One hallmark of human cognition is the splendid capacity of recalling thousands of different images, some in details, after only a single view. Not all photos are remembered equally in a human brain. Some images stick in our minds, while others fade away in a short time. This kind of capacity is likely to be influenced by individual experiences and is also subject to some degree of inter-subject variability, similar to some individual image properties.
Interestingly, when exposed to the overflow of visual images, subjects have a consistent tendency rather remember or forget the same pictures. Previous research suggests and analyzes the reason why people have the intuition to remember images and provide reliable solutions for ranking images by memorability scores. These works are mostly for generic images, object images and face photographs. However, it is difficult to dig out the obvious cues relevant to the memorability of a natural scene. To date, methods for predicting the visual memorability of a natural scene are scarce.
Previous Works
Previous work showed that memorability is an intrinsic property of an image. DNN has demonstrated splendid achievement in many research areas, e.g., video coding and computer vision. Also, several DNN approaches were proposed to estimate image memorability, which significantly improves the prediction accuracy.
- Data scientists from MIT trained the MemNet on a large-scale database, achieving a splendid prediction performance close to human consistency.
- Baveye et al. fine-tuned the GoogleNet exceeding the performance of handcrafted features. Researchers also studied and targeted the certain objects like faces, natural scenes, etc.
- Researchers from MIT have also created a database for studying the memorability of human face photographs. They further explored the contribution of certain traits (e.g., kindness, trustworthiness, etc.) to face memorability, but such characteristics only partly explain facial memorability.
State-of-the-art idea
As a first step towards understanding and predicting the memorability of a natural scene, LNSIM database is built. In LNSIM database, there are in total 2,632 natural scene images. For obtaining these natural scene images, 6,886 images are selected, which contain natural scenes from the existing databases, including MIR Flickr, MIT1003, NUSEF, and AVA database. Natural scenes images are selected from these databases. Fig. 1 shows some example images from LNSIM database.
A memory game is used to quantify the memorability of each image in LNSIM database. A software is developed in which 104 subjects (47 females and 57 males) were involved. They do not overlap with the volunteers who participated in the image selection. The procedure of our memory game is summarized in Fig. 2.

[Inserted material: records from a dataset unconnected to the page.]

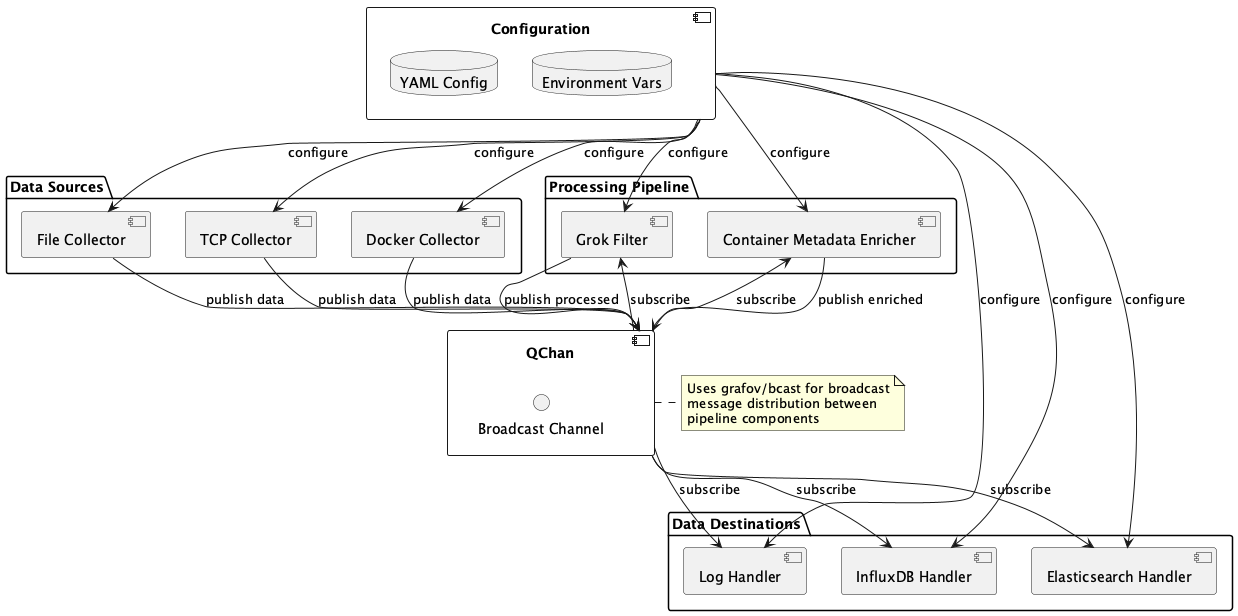

The diagram above was rendered by PlantUML. Its source (embedded in the PNG):
@startuml qnib_qframe

package "Data Sources" {
    component "File Collector" as file_collector
    component "TCP Collector" as tcp_collector
    component "Docker Collector" as docker_collector
}

component "QChan" as qchan {
    interface "Broadcast Channel"
}

package "Processing Pipeline" {
    component "Grok Filter" as grok_filter
    component "Container Metadata Enricher" as metadata_enricher
}

package "Data Destinations" {
    component "Log Handler" as log_handler
    component "InfluxDB Handler" as influxdb_handler
    component "Elasticsearch Handler" as es_handler
}

component "Configuration" as config {
    database "YAML Config"
    database "Environment Vars"
}

file_collector --> qchan : "publish data"
tcp_collector --> qchan : "publish data"
docker_collector --> qchan : "publish data"

qchan --> grok_filter : "subscribe"
qchan --> metadata_enricher : "subscribe"

grok_filter --> qchan : "publish processed"
metadata_enricher --> qchan : "publish enriched"

qchan --> log_handler : "subscribe"
qchan --> influxdb_handler : "subscribe"
qchan --> es_handler : "subscribe"

config --> file_collector : "configure"
config --> tcp_collector : "configure"
config --> docker_collector : "configure"
config --> grok_filter : "configure"
config --> metadata_enricher : "configure"
config --> log_handler : "configure"
config --> influxdb_handler : "configure"
config --> es_handler : "configure"

note right of qchan
    Uses grafov/bcast for broadcast
    message distribution between
    pipeline components
end note

@enduml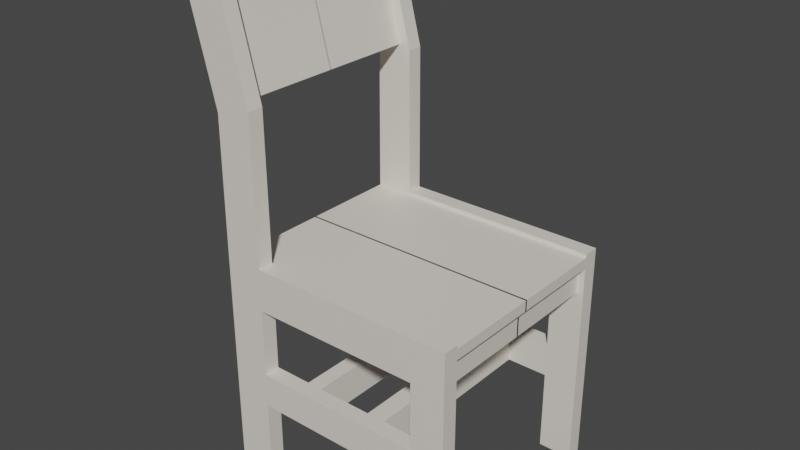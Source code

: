 # Source: BasicChair.blend  (saved by Blender 3.3.6; exported with 4.5.12 LTS)
import bpy
from mathutils import Matrix  # noqa: F401  (used for matrix-valued properties, if any)

bpy.ops.wm.read_factory_settings(use_empty=True)
scene = bpy.context.scene
scene.name = 'Scene'

# ---- collections
col_collection = bpy.data.collections.new('Collection'); scene.collection.children.link(col_collection)

# ---- materials (node trees are filled in below, after node groups)
mat_material = bpy.data.materials.new('Material')
mat_material.alpha_threshold = 0.0
mat_material.use_transparent_shadow = False
mat_material.roughness = 0.5
mat_material.line_color = (0.0, 0.0, 0.0, 1.0)

# ---- material node trees
mat_material.use_nodes = True; mat_material.node_tree.nodes.clear()
_N = mat_material.node_tree.nodes; _L = mat_material.node_tree.links
n0 = _N.new('ShaderNodeOutputMaterial'); n0.name = 'Material Output'; n0.location = (300, 300)
n1 = _N.new('ShaderNodeBsdfPrincipled'); n1.name = 'Principled BSDF'; n1.location = (10, 300)
n1.distribution = 'GGX'
n1.subsurface_method = 'RANDOM_WALK_SKIN'
n1.inputs[0].default_value = (0.8, 0.7463, 0.6684, 1.0)
n1.inputs[3].default_value = 1.45
n1.inputs[27].default_value = (0.0, 0.0, 0.0, 1.0)
n1.inputs[28].default_value = 1.0
_L.new(n1.outputs[0], n0.inputs[0])
n0.is_active_output = True

# ---- world
world_world = bpy.data.worlds.new('World'); scene.world = world_world
world_world.use_nodes = True; world_world.node_tree.nodes.clear()
_N = world_world.node_tree.nodes; _L = world_world.node_tree.links
n0 = _N.new('ShaderNodeOutputWorld'); n0.name = 'World Output'; n0.location = (300, 300)
n1 = _N.new('ShaderNodeBackground'); n1.name = 'Background'; n1.location = (10, 300)
n1.inputs[0].default_value = (0.05088, 0.05088, 0.05088, 1.0)
_L.new(n1.outputs[0], n0.inputs[0])
n0.is_active_output = True
world_world.color = (0.05088, 0.05088, 0.05088)
world_world.use_sun_shadow = False
world_world.sun_shadow_jitter_overblur = 0.0

# ---- meshes
me_cube = bpy.data.meshes.new('Cube')
me_cube.from_pydata([(3.79, 2.414, 4.957), (3.79, 2.414, 0.006747), (3.79, 2.067, 4.957), (3.79, 2.067, 0.006747), (3.051, 2.414, 4.957), (3.051, 2.414, 0.006747), (3.051, 2.067, 4.957), (3.051, 2.067, 0.006747), (3.79, 2.414, 1.813), (3.051, 2.067, 1.813), (3.79, 2.067, 1.813), (3.051, 2.414, 1.813), (3.051, 2.067, 4.038), (3.79, 2.414, 4.038), (3.79, 2.067, 4.038), (3.051, 2.414, 4.038), (3.79, 2.414, 2.561), (3.79, 2.067, 2.561), (3.051, 2.414, 2.561), (3.051, 2.067, 2.561), (-0.6521, 2.067, 4.957), (-0.6521, 2.067, 4.038), (-0.6521, 2.414, 4.038), (-0.6521, 2.414, 4.957), (-1.482, 2.067, 4.957), (-1.482, 2.067, 4.038), (-1.482, 2.414, 4.038), (-1.482, 2.414, 4.957), (-0.6521, 2.067, 0.0141), (-0.6521, 2.414, 0.0141), (-1.482, 2.067, 0.0141), (-1.482, 2.414, 0.0141), (-0.6531, 2.067, 1.813), (-0.6531, 2.414, 1.813), (-0.6531, 2.414, 2.561), (-0.6531, 2.067, 2.561), (2.136, 2.414, 1.813), (2.136, 2.414, 2.561), (2.136, 2.067, 2.561), (2.136, 2.067, 1.813), (1.735, 2.414, 1.813), (1.735, 2.414, 2.561), (1.735, 2.067, 2.561), (1.735, 2.067, 1.813), (0.5217, 2.414, 1.813), (0.5217, 2.414, 2.561), (0.5217, 2.067, 2.561), (0.5217, 2.067, 1.813), (0.1839, 2.414, 1.813), (0.1839, 2.414, 2.561), (0.1839, 2.067, 2.561), (0.1839, 2.067, 1.813), (0.1839, 2.067, 2.561), (0.5217, 2.067, 2.561), (0.1839, 2.067, 1.813), (0.5217, 2.067, 1.813), (0.1839, 2.067, 2.561), (0.5217, 2.067, 2.561), (0.1839, 2.067, 1.813), (0.5217, 2.067, 1.813), (0.1839, -0.00299, 2.561), (0.5217, -0.00299, 2.561), (0.1839, -0.00299, 1.813), (0.5217, -0.00299, 1.813), (1.735, -0.002844, 2.561), (2.136, -0.002844, 2.561), (1.735, -0.002844, 1.813), (2.136, -0.002844, 1.813), (3.051, 2.067, 4.88), (3.79, 2.414, 4.88), (3.79, 2.067, 4.88), (3.051, 2.414, 4.88), (-0.6521, 2.414, 4.88), (-0.6521, 2.067, 4.88), (-1.482, 2.414, 4.88), (-1.482, 2.067, 4.88), (3.79, 2.414, 4.646), (3.79, 2.067, 4.646), (3.051, 2.414, 4.646), (-0.6521, 2.067, 4.646), (-1.482, 2.067, 4.646), (3.051, 2.067, 4.646), (-0.6521, 2.414, 4.646), (-1.482, 2.414, 4.646), (3.051, -0.0194, 4.646), (3.051, -0.0194, 4.88), (-0.6521, -0.0194, 4.88), (-1.482, -0.0194, 4.88), (3.79, -0.0194, 4.88), (3.79, -0.0194, 4.646), (-0.6521, -0.0194, 4.646), (-1.482, -0.0194, 4.646), (3.636, 2.414, 0.006747), (3.636, 2.067, 4.957), (3.636, 2.067, 0.006747), (3.636, 2.414, 4.957), (3.636, 2.414, 1.813), (3.636, 2.067, 1.813), (3.636, 2.414, 4.038), (3.636, 2.067, 4.038), (3.636, 2.067, 2.561), (3.636, 2.414, 2.561), (3.636, 2.414, 4.88), (3.636, 2.067, 4.88), (3.636, 2.067, 4.646), (3.636, 2.414, 4.646), (3.636, -0.0194, 4.88), (3.636, -0.0194, 4.646), (3.483, 2.414, 0.006747), (3.483, 2.067, 4.957), (3.483, 2.067, 1.813), (3.483, 2.067, 4.038), (3.483, 2.067, 2.561), (3.483, 2.067, 4.88), (3.483, 2.067, 4.646), (3.483, -0.0194, 4.88), (3.483, -0.0194, 4.646), (3.483, 2.067, 0.006747), (3.483, 2.414, 4.957), (3.483, 2.414, 1.813), (3.483, 2.414, 4.038), (3.483, 2.414, 2.561), (3.483, 2.414, 4.88), (3.483, 2.414, 4.646), (3.636, -0.02065, 4.646), (3.636, -0.02065, 4.038), (3.483, -0.02065, 4.038), (3.483, -0.02065, 4.646), (-0.6654, 2.414, 8.129), (-0.6654, 2.067, 8.129), (-1.469, 2.414, 7.92), (-1.469, 2.067, 7.92), (-1.375, 2.414, 10.87), (-1.375, 2.067, 10.87), (-2.178, 2.414, 10.66), (-2.178, 2.067, 10.66), (-1.506, 2.414, 8.065), (-0.703, 2.414, 8.274), (-0.703, 2.067, 8.274), (-1.506, 2.067, 8.065), (-2.137, 2.414, 10.5), (-1.334, 2.414, 10.71), (-1.334, 2.067, 10.71), (-2.137, 2.067, 10.5), (-1.306, 2.414, 4.038), (-1.306, 2.414, 4.957), (-1.306, 2.067, 4.957), (-1.306, 2.067, 4.038), (-1.306, 2.414, 0.0141), (-1.306, 2.067, 0.0141), (-1.306, 2.067, 4.88), (-1.306, 2.414, 4.88), (-1.306, 2.067, 4.646), (-1.306, 2.414, 4.646), (-1.306, -0.0194, 4.88), (-1.306, -0.0194, 4.646), (-1.299, 2.414, 7.964), (-1.299, 2.067, 7.964), (-2.008, 2.414, 10.7), (-2.008, 2.067, 10.7), (-1.336, 2.067, 8.11), (-1.336, 2.414, 8.11), (-1.967, 2.067, 10.54), (-1.967, 2.414, 10.54), (-0.8795, 2.414, 4.957), (-0.8795, 2.067, 4.957), (-0.8795, 2.067, 4.038), (-0.8795, 2.067, 0.0141), (-0.8855, 2.414, 8.071), (-0.8855, 2.067, 8.071), (-1.595, 2.414, 10.81), (-1.595, 2.067, 10.81), (-0.9232, 2.414, 8.217), (-1.554, 2.414, 10.65), (-0.8795, 2.414, 4.038), (-0.8795, 2.414, 0.0141), (-0.8795, 2.067, 4.88), (-0.8795, 2.414, 4.88), (-0.8795, 2.067, 4.646), (-0.8795, 2.414, 4.646), (-0.8795, -0.0194, 4.88), (-0.8795, -0.0194, 4.646), (-0.9232, 2.067, 8.217), (-1.554, 2.067, 10.65), (-0.9232, -0.01651, 8.217), (-1.336, -0.01651, 8.11), (-1.554, -0.01651, 10.65), (-1.967, -0.01651, 10.54)], [], [(118, 4, 6, 109), (113, 109, 6, 68), (92, 1, 3, 94), (69, 0, 2, 70), (102, 95, 0, 69), (92, 96, 8, 1), (1, 8, 10, 3), (7, 9, 11, 5), (117, 110, 9, 7), (101, 98, 13, 16), (16, 13, 14, 17), (19, 12, 15, 18), (112, 111, 12, 19), (110, 112, 19, 9), (8, 16, 17, 10), (96, 101, 16, 8), (6, 4, 23, 20), (15, 12, 21, 22), (78, 15, 22, 82), (68, 6, 20, 73), (153, 144, 26, 83), (165, 20, 129, 169), (150, 146, 24, 75), (147, 25, 30, 149), (148, 149, 30, 31), (25, 26, 31, 30), (22, 21, 28, 29), (174, 22, 29, 175), (49, 48, 33, 34), (50, 49, 34, 35), (51, 50, 35, 32), (48, 51, 32, 33), (11, 9, 39, 36), (9, 19, 38, 39), (19, 18, 37, 38), (18, 11, 36, 37), (36, 39, 43, 40), (38, 42, 64, 65), (38, 37, 41, 42), (37, 36, 40, 41), (40, 43, 47, 44), (43, 42, 46, 47), (42, 41, 45, 46), (41, 40, 44, 45), (44, 47, 51, 48), (47, 46, 53, 55), (46, 45, 49, 50), (45, 44, 48, 49), (55, 53, 57, 59), (51, 47, 55, 54), (46, 50, 52, 53), (50, 51, 54, 52), (56, 58, 62, 60), (53, 52, 56, 57), (52, 54, 58, 56), (54, 55, 59, 58), (58, 59, 63, 62), (59, 57, 61, 63), (57, 56, 60, 61), (42, 43, 66, 64), (39, 38, 65, 67), (43, 39, 67, 66), (79, 81, 84, 90), (145, 151, 74, 27), (150, 75, 87, 154), (4, 71, 72, 23), (105, 102, 69, 76), (76, 69, 70, 77), (75, 80, 91, 87), (111, 114, 81, 12), (13, 76, 77, 14), (98, 105, 76, 13), (12, 81, 79, 21), (147, 152, 80, 25), (151, 153, 83, 74), (71, 78, 82, 72), (120, 123, 105, 98), (70, 103, 106, 88), (114, 104, 107, 116), (178, 79, 90, 181), (77, 70, 88, 89), (113, 68, 85, 115), (104, 77, 89, 107), (68, 73, 86, 85), (14, 77, 104, 99), (123, 122, 102, 105), (119, 121, 101, 96), (10, 17, 100, 97), (17, 14, 99, 100), (121, 120, 98, 101), (3, 10, 97, 94), (108, 119, 96, 92), (122, 118, 95, 102), (108, 92, 94, 117), (70, 2, 93, 103), (0, 95, 93, 2), (5, 108, 117, 7), (71, 4, 118, 122), (5, 11, 119, 108), (18, 15, 120, 121), (11, 18, 121, 119), (78, 71, 122, 123), (103, 113, 115, 106), (81, 114, 116, 84), (15, 78, 123, 120), (99, 104, 124, 125), (97, 100, 112, 110), (100, 99, 111, 112), (94, 97, 110, 117), (103, 93, 109, 113), (95, 118, 109, 93), (104, 114, 127, 124), (111, 99, 125, 126), (114, 111, 126, 127), (163, 140, 134, 158), (27, 24, 131, 130), (20, 23, 128, 129), (145, 27, 130, 156), (159, 158, 134, 135), (142, 141, 132, 133), (183, 142, 133, 171), (140, 143, 135, 134), (130, 131, 139, 136), (169, 129, 138, 182), (129, 128, 137, 138), (156, 130, 136, 161), (136, 139, 143, 140), (182, 138, 142, 183), (138, 137, 141, 142), (161, 136, 140, 163), (172, 161, 163, 173), (139, 160, 162, 143), (168, 156, 161, 172), (131, 157, 160, 139), (143, 162, 159, 135), (171, 170, 158, 159), (164, 145, 156, 168), (173, 163, 158, 170), (80, 152, 155, 91), (177, 179, 153, 151), (166, 178, 152, 147), (176, 150, 154, 180), (164, 177, 151, 145), (26, 144, 148, 31), (175, 167, 149, 148), (166, 147, 149, 167), (176, 165, 146, 150), (24, 146, 157, 131), (179, 174, 144, 153), (82, 22, 174, 179), (73, 20, 165, 176), (21, 166, 167, 28), (29, 28, 167, 175), (23, 72, 177, 164), (73, 176, 180, 86), (21, 79, 178, 166), (72, 82, 179, 177), (141, 173, 170, 132), (23, 164, 168, 128), (133, 132, 170, 171), (128, 168, 172, 137), (137, 172, 173, 141), (183, 162, 187, 186), (157, 169, 182, 160), (162, 183, 171, 159), (152, 178, 181, 155), (144, 174, 175, 148), (146, 165, 169, 157), (160, 182, 184, 185), (162, 160, 185, 187), (182, 183, 186, 184)])
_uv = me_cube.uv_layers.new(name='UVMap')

Analysis of Natural Scene Memorability
LNSIM database is mined to better understand how natural scene memorability is influenced by the low, middle and high-level handcrafted features and the learned deep feature.
The middle-level feature of GIST describes the spatial structure of an image. However, Table 2 shows that the SRCC of GIST is only 0.23 for the natural scene, much less thanρ=0.38 of generic images. This illustrates that structural information provided by the GIST feature is less effective for predicting memorability scores on natural scenes.
- Task 1(Classification Judgement): 5 participants are asked to indicate which scene categories an image has. A random image query was generated for each participant. Participants had
to choose proper scene category labels to interpret scene stuff for each image.
- Task 2 (Verification Judgement): A separate task ran on the same set of images by recruiting another 5 participants after Task 1. The participants were asked to provide a binary answer to the question for each image. The default answer was set to “No”, and the participants can check the box of image index to set “No” to “Yes”.
All images are annotated with categories through the majority voting over Task 1 and Task 2. Afterward, an SVR predictor with the histogram intersection kernel is trained for scene category. The scene category attribute achieves a good performance of SRCC(ρ=0.38), outperforming the results of low-level feature combination. This suggests that high-level scene category is an obvious cue of quantifying the natural scene memorability. As shown in below Figure, the horizontal axis represents scene categories in the descending order of corresponding average memorability scores. The average score ranges from 0.79 to 0.36, giving a sense of how memorability changes across different scene categories. The distribution in below Figure indicates that some unusual classes like aurora tend to be more memorable, while usual classes like mountain are more likely to be forgotten. This is possibly due to the frequency of each category appears in daily life.
DeepNSM: DNN for natural scene memorability
Fine-tuned MemNet model serves as the baseline model in predicting natural scene memorability. In the proposed DeepNSM architecture, the deep feature is concatenated with the category-related element to predict the memorability of natural scene images accurately. Note that the “deep feature” refers to the 4096-dimension feature extracted from the baseline model.
Comparison with other models
Fig: 3 shows the SRCC performance of DeepNSM and the three compared methods. DeepNSM successfully achieves the outstanding SRCC performance, i.e., ρ=0.58 and 0.55, over the LNSIM and NSIM databases, respectively. It significantly outperforms the state-of-the-art DNN methods, MemNet and MemoNet. The above results demonstrate the effectiveness of DeepNSM in predicting natural scene memorability.